The Times should apologise for publishing front-page claim that privately-schooled children in Britain face discrimination akin to Nazi propaganda
Today The Times published an article on its front page claiming that children who attend private schools in the UK face discrimination akin to Nazi propaganda.
In the article, Dr Anthony Wallersteiner, headmaster at Stowe School in Buckinghamshire, complained that the universities of Oxford and Cambridge had been reducing the number of places that they offered to pupils from private schools.
However, without a trace of disagreement, The Times then wrote: “Dr Wallersteiner, who is of Jewish descent, also likened criticism of private schools and the elite to antisemitic abuse, saying: ‘The rise of populists and polemicists has created a micro-industry in bashing private schools. Some of the criticisms echo the conspiratorial language of The Protocols of the Elders of Zion. It was relatively easy for Hitler and his henchmen to suggest that the Jewish minority was over-represented in key professions: medicine, law, teaching and the creative industries.
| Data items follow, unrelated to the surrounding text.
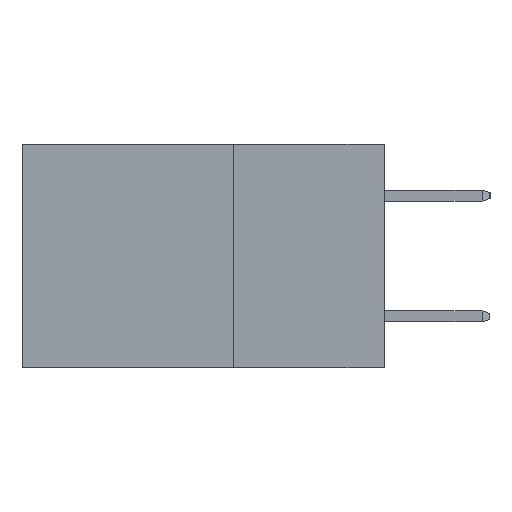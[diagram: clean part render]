
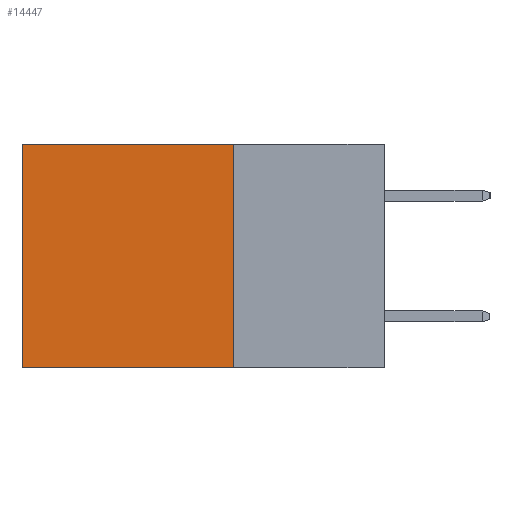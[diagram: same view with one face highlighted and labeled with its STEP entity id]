
A CAD part, left-side view. The second image highlights one B-rep face of the part: STEP entity #14447.
In plain terms, the highlighted planar face has unit normal (-1, 0, 0).
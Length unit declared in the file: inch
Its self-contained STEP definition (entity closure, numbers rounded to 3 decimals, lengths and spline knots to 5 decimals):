
#454 = EDGE_CURVE ( 'NONE', #2117, #13247, #5212, .T. ) ;
#1178 = PLANE ( 'NONE',  #4141 ) ;
#1179 = CARTESIAN_POINT ( 'NONE',  ( 0.298, 0.6, -0.37 ) ) ;
#2117 = VERTEX_POINT ( 'NONE', #9561 ) ;
#2377 = DIRECTION ( 'NONE',  ( 0., 0., -1. ) ) ;
#2500 = VECTOR ( 'NONE', #8816, 39.37008 ) ;
#2667 = EDGE_LOOP ( 'NONE', ( #10811, #7291, #6189, #3121 ) ) ;
#2968 = DIRECTION ( 'NONE',  ( 0., 1., 0. ) ) ;
#3021 = CARTESIAN_POINT ( 'NONE',  ( 0.298, 0.25, 0. ) ) ;
#3121 = ORIENTED_EDGE ( 'NONE', *, *, #7080, .T. ) ;
#3815 = VECTOR ( 'NONE', #2968, 39.37008 ) ;
#3993 = DIRECTION ( 'NONE',  ( 0., 1., 0. ) ) ;
#4043 = CARTESIAN_POINT ( 'NONE',  ( 0.298, 0.6, 0. ) ) ;
#4094 = EDGE_CURVE ( 'NONE', #12399, #10649, #5658, .T. ) ;
#4141 = AXIS2_PLACEMENT_3D ( 'NONE', #5889, #9318, #2377 ) ;
#5212 = LINE ( 'NONE', #4043, #7206 ) ;
#5658 = LINE ( 'NONE', #10854, #2500 ) ;
#5889 = CARTESIAN_POINT ( 'NONE',  ( 0.298, 0.25, 0. ) ) ;
#6189 = ORIENTED_EDGE ( 'NONE', *, *, #4094, .F. ) ;
#7044 = LINE ( 'NONE', #10765, #10017 ) ;
#7080 = EDGE_CURVE ( 'NONE', #12399, #2117, #10223, .T. ) ;
#7206 = VECTOR ( 'NONE', #11148, 39.37008 ) ;
#7291 = ORIENTED_EDGE ( 'NONE', *, *, #12785, .F. ) ;
#7888 = CARTESIAN_POINT ( 'NONE',  ( 0.298, 0.25, -0.37 ) ) ;
#8816 = DIRECTION ( 'NONE',  ( 0., 0., -1. ) ) ;
#9318 = DIRECTION ( 'NONE',  ( 1., 0., 0. ) ) ;
#9561 = CARTESIAN_POINT ( 'NONE',  ( 0.298, 0.6, 0. ) ) ;
#10017 = VECTOR ( 'NONE', #3993, 39.37008 ) ;
#10223 = LINE ( 'NONE', #3021, #3815 ) ;
#10649 = VERTEX_POINT ( 'NONE', #7888 ) ;
#10765 = CARTESIAN_POINT ( 'NONE',  ( 0.298, 0.25, -0.37 ) ) ;
#10811 = ORIENTED_EDGE ( 'NONE', *, *, #454, .T. ) ;
#10854 = CARTESIAN_POINT ( 'NONE',  ( 0.298, 0.25, 0. ) ) ;
#11148 = DIRECTION ( 'NONE',  ( 0., 0., -1. ) ) ;
#12399 = VERTEX_POINT ( 'NONE', #14324 ) ;
#12785 = EDGE_CURVE ( 'NONE', #10649, #13247, #7044, .T. ) ;
#13114 = FACE_OUTER_BOUND ( 'NONE', #2667, .T. ) ;
#13247 = VERTEX_POINT ( 'NONE', #1179 ) ;
#14324 = CARTESIAN_POINT ( 'NONE',  ( 0.298, 0.25, 0. ) ) ;
#14447 = ADVANCED_FACE ( 'NONE', ( #13114 ), #1178, .F. ) ;

Privately educated pupils in the UK are also being accused of dominating the top jobs and stifling social mobility…it is all too facile to stereotype groups and ignore the fact that lawyers, doctors, writers and politicians are individuals.’”
Nazi propaganda against Jews was used to generate public support not only for exclusion from education but also for brutal beatings, boycotts, degradation and eventually the mass murder of six million Jewish men, women and children.
Tasteless Holocaust analogies do not belong in the debate about education in this country. Moreover, they do not belong on the front page of respected national newspapers.
Campaign Against Antisemitism calls on The Times to apologise for publishing Dr Wallersteiner’s remarks without editorial indication of their absurdity, and investigate how such an offensive comparison came to pass all of the many levels of editorial supervision to be published on the front page. It is clear that senior members of the editorial team responsible for this decision are in dire need of history lessons.